|RHTD 62| Terlambat

10.5K 540 460
                                        

Kesempatan hanya diberikan satu kali, ketika kita menyia-nyiakan kesempatan yang ada maka kita akan menerima sebuah penyesalan dalam hidup kita. Waktu terus berputar, kehidupan terus berjalan, kesempatan yang terbuang tidak akan bisa dikembalikan.

(Raina Hujan Telah Datang)

****

jangan lupa untuk meninggalkan jejak kalian. Give me 400 komentar di part kali ini. Maaf baru bisa nulis dan update lagi karena ada beberapa kendala kemarin guys. Kalau sudah tembus bisa tag aku aja guys. 

HAPPY READING!

Langkah kaki Saskia membawanya kembali pada sumber luka Raina. Lorong apartemen yang terlihat sepi ia susuri dengan langkah yang melemas saat ini. Air mata yang terlihat jelas, mata yang memerah dan beberapa sesegukan yang masih ada menandakan kondisi Saskia tak baik-baik saja. Satu harapannya, ia ingin Dion bisa mengunjungi rumah sakit untuk bertemu dengan anak dan Raina yang berjuang melewati ambang kehidupan dan kematian. Kalau saja sang kakak tidak merusaknya, mungkin saat ini mereka akan berjuang masuk kuliah secara bersama-sama. Namun takdir yang menimpa justru sebaliknya, merebut secara paksa sampai tak ada cela bagi Raina untuk memperbaiki segalanya.

Jemari tangan Saskia akan menekan tombol bel apartemen milik sang kakak, namun belum sempat ia menekan nya, dua orang yang baru saja keluar membuat Saskia menatap keduanya. Ia meluruhkan badannya ke lantai kala sang kakak keluar bersama seorang wanita yang ia lihat di acara pertunangan. Wanita yang membuat Raina berakhir seperti sekarang.

"Lo ngapain?" tanya Dion terkejut ketika menemukan sang adik berada di depan apartemennya.

"Dia siapa?" tanya wanita tersebut pada Dion.

Dion tak menjawab. Ia melepaskan pegangan tangan wanita itu dari tangannya ketika suara tangisan Saskia semakin menjadi-jadi. Namun saat akan membantunya, Saskia menyentak tangannya. Namun Dion tak menyerah, ia kembali meraih tangan Saskia untuk bangun. Namun sentakan tangan itu kembali ia terima.

"Kenapa? Lo benci sama gue?" tanya Dion berusaha membuat Saskia untuk berdiri. "Jangan nangis. Jelasin ke gue. Ada apa?"

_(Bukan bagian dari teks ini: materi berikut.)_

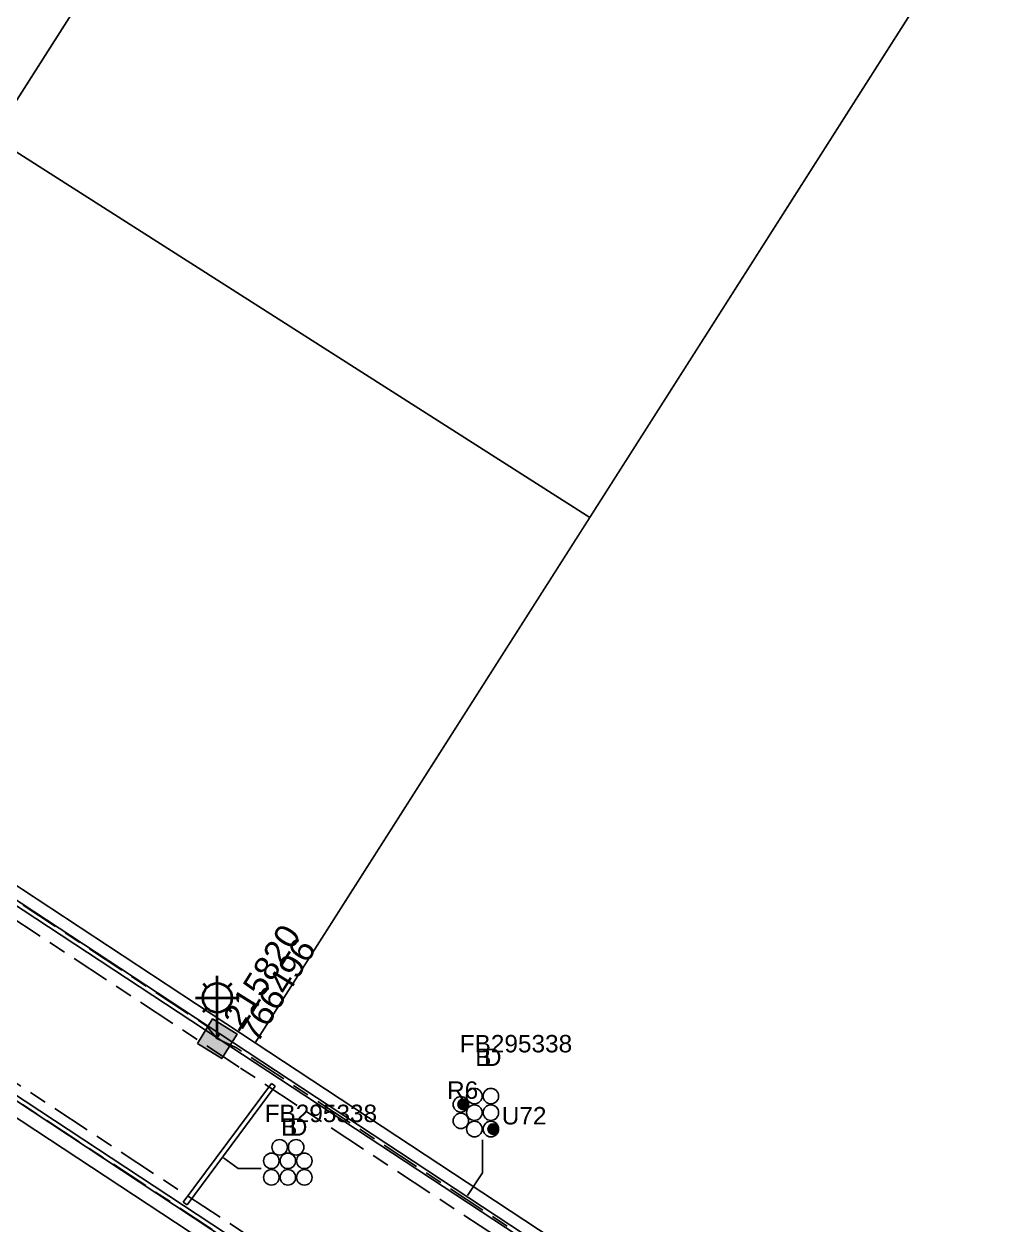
# Model space of a CAD drawing. Header units: metres. Extents: x 0 to 294317, y 0 to 6233398.
# Drawn here: x 292862.2 to 292961.3, y 6231828.6 to 6231952.5 of the extents above; entities that cross this region are included whole.
import ezdxf
from ezdxf import colors
from ezdxf.entities.mleader import LeaderData, LeaderLine
from ezdxf.enums import TextEntityAlignment as Align
from ezdxf.math import Vec2, Vec3

# ---------------------------------------------------------------- set-up
doc = ezdxf.new("R2010")
doc.units = ezdxf.units.M
doc.linetypes.add('Cable Exist UG', pattern=[8.2, 4, -1.2, 1.8, -1.2])
doc.layers.get('0').update_dxf_attribs({"color": 6})
for name, color, linetype in [('_User Miscellaneous1', 7, 'Continuous'), ('_User Miscellaneous2', 7, 'Continuous'), ('Duct_SP_EXT', 7, 'Continuous'), ('Equip_SP_SL_EXT', 7, 'Continuous'), ('Mains_HV_EXT', 7, 'Continuous'), ('Mains_SL_EXT', 7, 'Continuous'), ('SupportsUG_SP_LV_SL_EXT', 7, 'Continuous')]:
    doc.layers.add(name, color=color, linetype=linetype)
for name, color, linetype, lineweight in [('Cadastre Buildings_SP_EXT', 9, 'Continuous', 5), ('Cadastre Land Parcels_SP_EXT', 9, 'Continuous', 5), ('Cadastre Roads_SP_EXT', 9, 'Continuous', 5)]:
    doc.layers.add(name, color=color, linetype=linetype, lineweight=lineweight)
doc.styles.add('COLUMN_LABEL', font='arial.ttf')
doc.styles.add('iecARIAL', font='arial.ttf', dxfattribs={"height": 2})
doc.styles.add('POLE_LABEL', font='arial.ttf')
doc.styles.get("Standard").update_dxf_attribs({"font": 'arial.ttf'})

# ---------------------------------------------------------------- blocks, each defined once
blk = doc.blocks.new('COLUMN_EXT')
blk.add_hatch(color=256).paths.add_polyline_path([(-1.49, 1.48), (-1.49, -1.49), (1.48, -1.49), (1.48, 1.48)])
blk.add_lwpolyline([(-1.49, -1.49), (1.48, -1.49), (1.48, 1.48), (-1.49, 1.48)], close=True)
for tag, height, style, flags, p in [('ASSET_NUM', 2.5, 'COLUMN_LABEL', 8, (2, 2)), ('STRUCTURE_PLANT_NUMBER', 0.2, 'POLE_LABEL', 9, (1.81, 0.03)), ('STREET_CODE', 0.2, 'COLUMN_LABEL', 9, (1.81, -0.2))]:
    blk.add_attdef(tag, text='', height=height, dxfattribs=dict(style=style, flags=flags)).set_placement(p, align=Align.MIDDLE_LEFT)
at = {"flags": 9}
for tag, p in [('COLUMN_TYPE', (1.81, -0.4)), ('OWNED_BY', (1.81, -0.6)), ('STATE', (1.81, -0.8)), ('USAGE', (1.81, -1)), ('LEGEND', (1.81, -1.2)), ('STREETNAME', (1.81, -1.6)), ('SUBURB', (1.81, -1.8)), ('LOCATION', (1.81, -1.4)), ('NOTES', (1.81, -2))]:
    blk.add_attdef(tag, text='', height=0.2, dxfattribs=at).set_placement(p, align=Align.MIDDLE_LEFT)
at = {"flags": 1}
blk.add_attdef('Z', (1.81, -2.35), '', height=0.2, dxfattribs=at)
blk = doc.blocks.new('DUCT_EXT')
blk.add_circle((0, 0.8), 0.8)
at = {"flags": 1}
blk.add_attdef('Z', (0, 0), '', height=0.2, dxfattribs=at)
at = {"flags": 9}
for tag, p in [('DUCT_CODE', (0, 0)), ('XSECT_TYPE', (0, -0.2)), ('STATE', (0, -0.6)), ('FB_REFERENCE', (0, -0.4)), ('NOTES', (0, -0.8))]:
    blk.add_attdef(tag, text='', height=0.2, dxfattribs=at).set_placement(p, align=Align.MIDDLE_LEFT)
blk = doc.blocks.new('SL_LANTERN_EXT')
at = {"lineweight": 40}
for p, q in [((0, 1.97), (0, 6.47)), ((-1.46, 5.68), (-1.06, 5.28)), ((1.46, 5.68), (1.06, 5.28)), ((-2.25, 4.22), (2.25, 4.22)), ((-1.46, 2.76), (-1.06, 3.16)), ((0, 0), (0, 2.72)), ((1.46, 2.76), (1.06, 3.16))]:
    blk.add_line(p, q, dxfattribs=at)
blk.add_circle((0, 4.22), 1.5, dxfattribs=at)
at = {"style": 'iecARIAL', "flags": 8}
blk.add_attdef('ASSET_NUM', (1.5, 1.5), '', height=2.5, dxfattribs=at)
for tag, p, height, flags in [('CONSTRUCTED_VOLTAGE', (0.98, -0.65), 0.2, 9), ('CONTROL_TYPE', (0.98, -0.85), 0.2, 9), ('LANTERN_PURPOSE', (0.98, -1.05), 0.2, 9), ('LANTERN_TYPE', (0.98, -1.25), 0.2, 9), ('LNUMBER', (2.18, -3.25), 2.5, 8), ('OPERATING_VOLTAGE', (0.98, -1.65), 0.2, 9), ('ORIENTATION', (0.98, -1.85), 0.2, 9), ('OWNED_BY', (0.98, -2.05), 0.2, 9), ('STATE', (0.98, -2.25), 0.2, 9), ('NO_PHASES', (0.98, -1.45), 0.2, 9), ('USAGE', (0.98, -2.45), 0.2, 9), ('CEXIST', (0.98, -2.65), 0.2, 9), ('CNEW', (0.98, -2.85), 0.2, 9), ('CNUMBER', (0.98, -3.05), 0.2, 9), ('CREMOVE', (0.98, -3.25), 0.2, 9), ('CREPLACE', (0.98, -3.45), 0.2, 9), ('LKINGHEIGHT', (0.98, -3.65), 0.2, 9), ('LBRACKET', (0.98, -3.85), 0.2, 9), ('LBRACKETVOCAB', (0.98, -4.05), 0.2, 9), ('LCATEGORY', (0.98, -4.25), 0.2, 9), ('LCHARGE1', (0.98, -4.45), 0.2, 9), ('LCHARGE1PERCENT', (0.98, -4.65), 0.2, 9), ('LCHARGE2', (0.98, -4.85), 0.2, 9), ('LCHARGE2PERCENT', (0.98, -5.05), 0.2, 9), ('LCHARGE3', (0.98, -5.25), 0.2, 9), ('LCHARGE3PERCENT', (0.98, -5.45), 0.2, 9), ('LEXIST', (0.98, -5.65), 0.2, 9), ('LLAMP', (0.98, -5.85), 0.2, 9), ('LLAMPVOCAB', (0.98, -6.05), 0.2, 9), ('LMAST', (0.98, -6.25), 0.2, 9), ('LMASTVOCAB', (0.98, -6.45), 0.2, 9), ('LNEW', (0.98, -6.65), 0.2, 9), ('LANTNUMBER', (0.98, -6.85), 0.2, 9), ('LOUTREACH', (0.98, -7.25), 0.2, 9), ('LOUTREACHVOCAB', (0.98, -7.45), 0.2, 9), ('LRATECODE', (0.98, -7.65), 0.2, 9), ('LREMOVE', (0.98, -7.85), 0.2, 9), ('LREPLACE', (0.98, -8.05), 0.2, 9), ('LTYPE', (0.98, -8.25), 0.2, 9), ('LTYPEVOCAB', (0.98, -8.45), 0.2, 9), ('LEGEND', (0.98, -8.65), 0.2, 9), ('LOCATION', (0.98, -8.85), 0.2, 9), ('STREETNAME', (0.98, -9.25), 0.2, 9), ('SUBURB', (0.98, -9.45), 0.2, 1), ('NOTES', (0.98, -9.05), 0.2, 9)]:
    blk.add_attdef(tag, p, '', height=height, dxfattribs=dict(flags=flags))
blk = doc.blocks.new('CABLE_LARGE_EXT')
h = blk.add_hatch(color=256)
edge = h.paths.add_edge_path()
edge.add_arc((0, 0.55), 0.55, 0, 360)
blk.add_circle((0, 0.55), 0.55)
at = {"flags": 1}
blk.add_attdef('Z', (0, 0), '', height=0.2, dxfattribs=at)
at = {"flags": 9}
for tag, p in [('COND_CODE', (0, 0)), ('STATE', (0, -0.4)), ('XSECT_SIZE', (0, -0.6)), ('FB_REFERENCE', (0, -0.2)), ('NOTES', (0, -0.8))]:
    blk.add_attdef(tag, text='', height=0.2, dxfattribs=at).set_placement(p, align=Align.MIDDLE_LEFT)

msp = doc.modelspace()

# ---------------------------------------------------------------- linework, layer by layer
at = {"layer": 'Cadastre Buildings_SP_EXT', "linetype": 'Continuous'}
for points in [[(292958.26, 6231960.87), (292896.66, 6232000.04), (292858.96, 6231940.82), (292920.54, 6231901.61), (292958.26, 6231960.87)], [(292920.54, 6231901.61), (292858.96, 6231940.82), (292825.06, 6231887.56), (292886.03, 6231847.4), (292920.54, 6231901.61)]]:
    msp.add_lwpolyline(points, close=True, dxfattribs=at)
at = {"layer": 'Cadastre Land Parcels_SP_EXT', "linetype": 'Continuous'}
for points in [[(292792.03, 6231983.43), (292858.96, 6231940.82), (292896.66, 6232000.04)], [(293020.71, 6231646.68), (293147.25, 6231840.71), (293147.25, 6231840.71), (292958.26, 6231960.87), (292886.03, 6231847.4), (292980.94, 6231784.88)], [(292937.13, 6231789.79), (292767.86, 6231901.28), (292767.39, 6231901.58), (292766.92, 6231901.87), (292766.44, 6231902.15), (292765.97, 6231902.43), (292765.48, 6231902.7), (292764.99, 6231902.96), (292764.5, 6231903.22), (292764.01, 6231903.47), (292763.51, 6231903.71), (292763.01, 6231903.95)]]:
    msp.add_lwpolyline(points, dxfattribs=at)
at = {"layer": 'Cadastre Roads_SP_EXT', "linetype": 'Continuous'}
for points in [[(292980.94, 6231784.88), (292886.03, 6231847.4), (292785.66, 6231913.52)], [(292763.01, 6231903.95), (292763.51, 6231903.71), (292764.01, 6231903.47), (292764.5, 6231903.22), (292764.99, 6231902.96), (292765.48, 6231902.7), (292765.97, 6231902.43), (292766.44, 6231902.15), (292766.92, 6231901.87), (292767.39, 6231901.58), (292767.86, 6231901.28), (292937.13, 6231789.79)]]:
    msp.add_lwpolyline(points, dxfattribs=at)
at = {"layer": 'Duct_SP_EXT'}
for p, q in [((292841.41, 6231875.26), (292882.37, 6231848.33)), ((292841.14, 6231874.86), (292882.1, 6231847.93)), ((292830.44, 6231861.81), (292937.94, 6231791.01)), ((292830.7, 6231862.21), (292938.2, 6231791.41)), ((292882.1, 6231847.93), (292882.23, 6231848.13)), ((292882.1, 6231847.93), (292882.23, 6231848.13)), ((292882.1, 6231847.93), (292931.28, 6231815.6)), ((292882.37, 6231848.33), (292882.23, 6231848.13)), ((292882.37, 6231848.33), (292882.23, 6231848.13)), ((292882.37, 6231848.33), (292931.54, 6231816)), ((292887.71, 6231843.23), (292878.61, 6231830.99)), ((292888.09, 6231842.95), (292878.99, 6231830.7)), ((292887.71, 6231843.23), (292887.9, 6231843.09)), ((292888.09, 6231842.95), (292887.9, 6231843.09)), ((292878.61, 6231830.99), (292878.8, 6231830.84)), ((292878.99, 6231830.7), (292878.8, 6231830.84))]:
    msp.add_line(p, q, dxfattribs=at)
for points in [[(292909.46, 6231837.4), (292909.46, 6231834.02), (292907.91, 6231831.68)], [(292886.64, 6231834.46), (292884.25, 6231834.46), (292882.74, 6231835.57)]]:
    msp.add_lwpolyline(points, dxfattribs=at)
at = {"layer": 'Mains_HV_EXT', "linetype": 'Cable Exist UG'}
for points in [[(292979.37, 6231782.32), (292884.38, 6231844.9), (292784.01, 6231911.01)], [(292762.62, 6231907.38), (292763.17, 6231907.15), (292763.72, 6231906.92), (292764.26, 6231906.67), (292764.8, 6231906.42), (292765.34, 6231906.16), (292765.88, 6231905.89), (292766.4, 6231905.61), (292766.93, 6231905.33), (292767.45, 6231905.04), (292767.96, 6231904.74), (292768.48, 6231904.43), (292768.99, 6231904.12), (292769.49, 6231903.8), (292938.78, 6231792.29)]]:
    msp.add_lwpolyline(points, dxfattribs=at)
at = {"layer": 'Mains_SL_EXT', "linetype": 'Cable Exist UG'}
for points in [[(292762.58, 6231905.77), (292763.11, 6231905.55), (292763.64, 6231905.31), (292764.16, 6231905.06), (292764.68, 6231904.81), (292765.19, 6231904.55), (292765.7, 6231904.29), (292766.2, 6231904.01), (292766.71, 6231903.73), (292767.2, 6231903.44), (292767.7, 6231903.15), (292768.19, 6231902.85), (292768.67, 6231902.54), (292937.96, 6231791.04)], [(292832.77, 6231880.28), (292834.67, 6231879.64), (292834.67, 6231879.64), (292881, 6231849.18), (292882.11, 6231847.84)], [(292931.16, 6231815.54), (292930.04, 6231816.61), (292930.04, 6231816.61), (292884.09, 6231846.9), (292882.08, 6231847.88)]]:
    msp.add_lwpolyline(points, dxfattribs=at)

# ---------------------------------------------------------------- block references
at = {"layer": 'Duct_SP_EXT', "rotation": 89.99294946386729}
for name, p in [('DUCT_EXT', (292908.03, 6231841.07)), ('DUCT_EXT', (292909.43, 6231841.92)), ('DUCT_EXT', (292911.13, 6231841.92)), ('CABLE_LARGE_EXT', (292908.03, 6231841.07)), ('DUCT_EXT', (292909.43, 6231840.22)), ('DUCT_EXT', (292911.13, 6231840.22)), ('DUCT_EXT', (292908.03, 6231839.37)), ('DUCT_EXT', (292909.43, 6231838.52)), ('DUCT_EXT', (292911.13, 6231838.52)), ('CABLE_LARGE_EXT', (292911.13, 6231838.52))]:
    msp.add_blockref(name, p, dxfattribs=at)
at = {"layer": 'Duct_SP_EXT'}
for p in [(292888.54, 6231835.84), (292890.24, 6231835.84), (292887.69, 6231834.44), (292889.39, 6231834.44), (292891.09, 6231834.44), (292887.69, 6231832.74), (292889.39, 6231832.74), (292891.09, 6231832.74)]:
    msp.add_blockref('DUCT_EXT', p, dxfattribs=at)
at = {"layer": 'Equip_SP_SL_EXT'}
ref = msp.add_blockref('SL_LANTERN_EXT', (292882.11, 6231847.84), dxfattribs=at)
ref.add_attrib('ASSET_NUM', '215820', dxfattribs={"layer": '0', "height": 2.5, "rotation": 58.0476, "style": 'iecARIAL'}).set_placement((292883.61, 6231849.34), align=Align.MIDDLE_LEFT)
at = {"layer": 'SupportsUG_SP_LV_SL_EXT'}
ref = msp.add_blockref('COLUMN_EXT', (292882.11, 6231847.84), dxfattribs=dict(at, rotation=328.0475980274549))
ref.add_attrib('ASSET_NUM', '766496', dxfattribs={"layer": '0', "height": 2.5, "rotation": 58.0476, "style": 'COLUMN_LABEL'}).set_placement((292884.11, 6231848.59), align=Align.TOP_LEFT)

# ---------------------------------------------------------------- texts
at = {"layer": '_User Miscellaneous2'}
for s, p in [('FB295338', (292907.11, 6231846.43)), ('B', (292908.71, 6231845.03)), ('D', (292909.61, 6231845.03)), ('R6', (292905.81, 6231841.64)), ('FB295338', (292886.99, 6231839.24)), ('U72', (292911.45, 6231839)), ('B', (292888.69, 6231837.84)), ('D', (292889.59, 6231837.84))]:
    msp.add_text(s, height=1.8, dxfattribs=at).set_placement(p)

# ---------------------------------------------------------------- next in the draw order: leaders
at = {"layer": '_User Miscellaneous1'}
ml = msp.add_multileader_mtext('Standard', dxfattribs=at)
ml.set_content('LOT 435 \\PDP 1129749', color=256)
ml.set_leader_properties()
ml.build(insert=Vec2(0, 0))
ml.multileader.update_dxf_attribs({"has_text_frame": 1})
ctx = ml.context
ctx.base_point, ctx.char_height, ctx.plane_origin = Vec3(293228.99, 6231985.12), 3.5, Vec3(293181.97, 6231992.79)
ctx.text_align_type = 1
notes = []
notes.append((ctx, [(0, (0, 0, 0), (0, 0), (1, 0), 1, [])]))
ctx.mtext.insert, ctx.mtext.width, ctx.mtext.defined_height, ctx.mtext.alignment, ctx.mtext.flow_direction = Vec3(293246.19, 6231987.15), 36.8365, 7.89, 2, 5
ctx.mtext.has_bg_fill, ctx.mtext.bg_color, ctx.mtext.bg_scale_factor, ctx.mtext.bg_transparency, ctx.mtext.use_window_bg_color = 1, -1023410177, 1.5, 0, 0
for ctx, leaders in notes:
    for number, flags, end, landing, length, lines in leaders:
        leader = LeaderData()
        leader.index, (leader.has_last_leader_line, leader.has_dogleg_vector, leader.attachment_direction) = number, flags
        leader.last_leader_point, leader.dogleg_vector, leader.dogleg_length = Vec3(end), Vec3(landing), length
        for number, points, colour, breaks in lines:
            line = LeaderLine()
            line.index, line.vertices, line.color, line.breaks = number, Vec3.list(points), colors.encode_raw_color(colour), breaks
            leader.lines.append(line)
        ctx.leaders.append(leader)

doc.saveas('drawing.dxf')

Saat itu lah amarah Saskia membuncah. Ia menarik kerah baju Dion dan mengguncangkan tubuhnya. Air mata dan teriakan dari Saskia membuat Dion yang menerimanya berusaha untuk mencerna apa yang sebenarnya terjadi.

"Dia siapa, sih? Aku takut. Tinggalin aja udah," ajak wanita itu berusaha meraih tangan Dion.

"Lo diam," sentak Dion.

"Lo bentak gue? Gue bilangin papa Lo," ujar wanita itu dengan ancaman. Namun Dion tak merespon apa pun atas kata-katanya.

"Lo pria terberengsek yang gue kenal!" teriak Saskia histeris seraya memukuli Dion yang menerimanya tanpa membalas.

Ibu jarinya berusaha untuk menghapus air mata Saskia yang mengalir deras. Hatinya tertegun melihat dan mendengar keadaan Saskia seperti ini saat mengunjungi dirinya. Ia tak pernah melihat Saskia seperti ini sebelumnya. Ia membiarkan Saskia memukul dan memakinya, setelah ia tenang dan mereda ia ingin bertanya.

"Lo kena ----" Mata Dion membulat sempurna, kata-katanya tak bisa ia lanjutkan saat Saskia tak sadarkan diri di hadapannya.

"Sas," panggil Dion panik seraya menepuk-nepuk pipi Saskia yang tak merespon apa-apa.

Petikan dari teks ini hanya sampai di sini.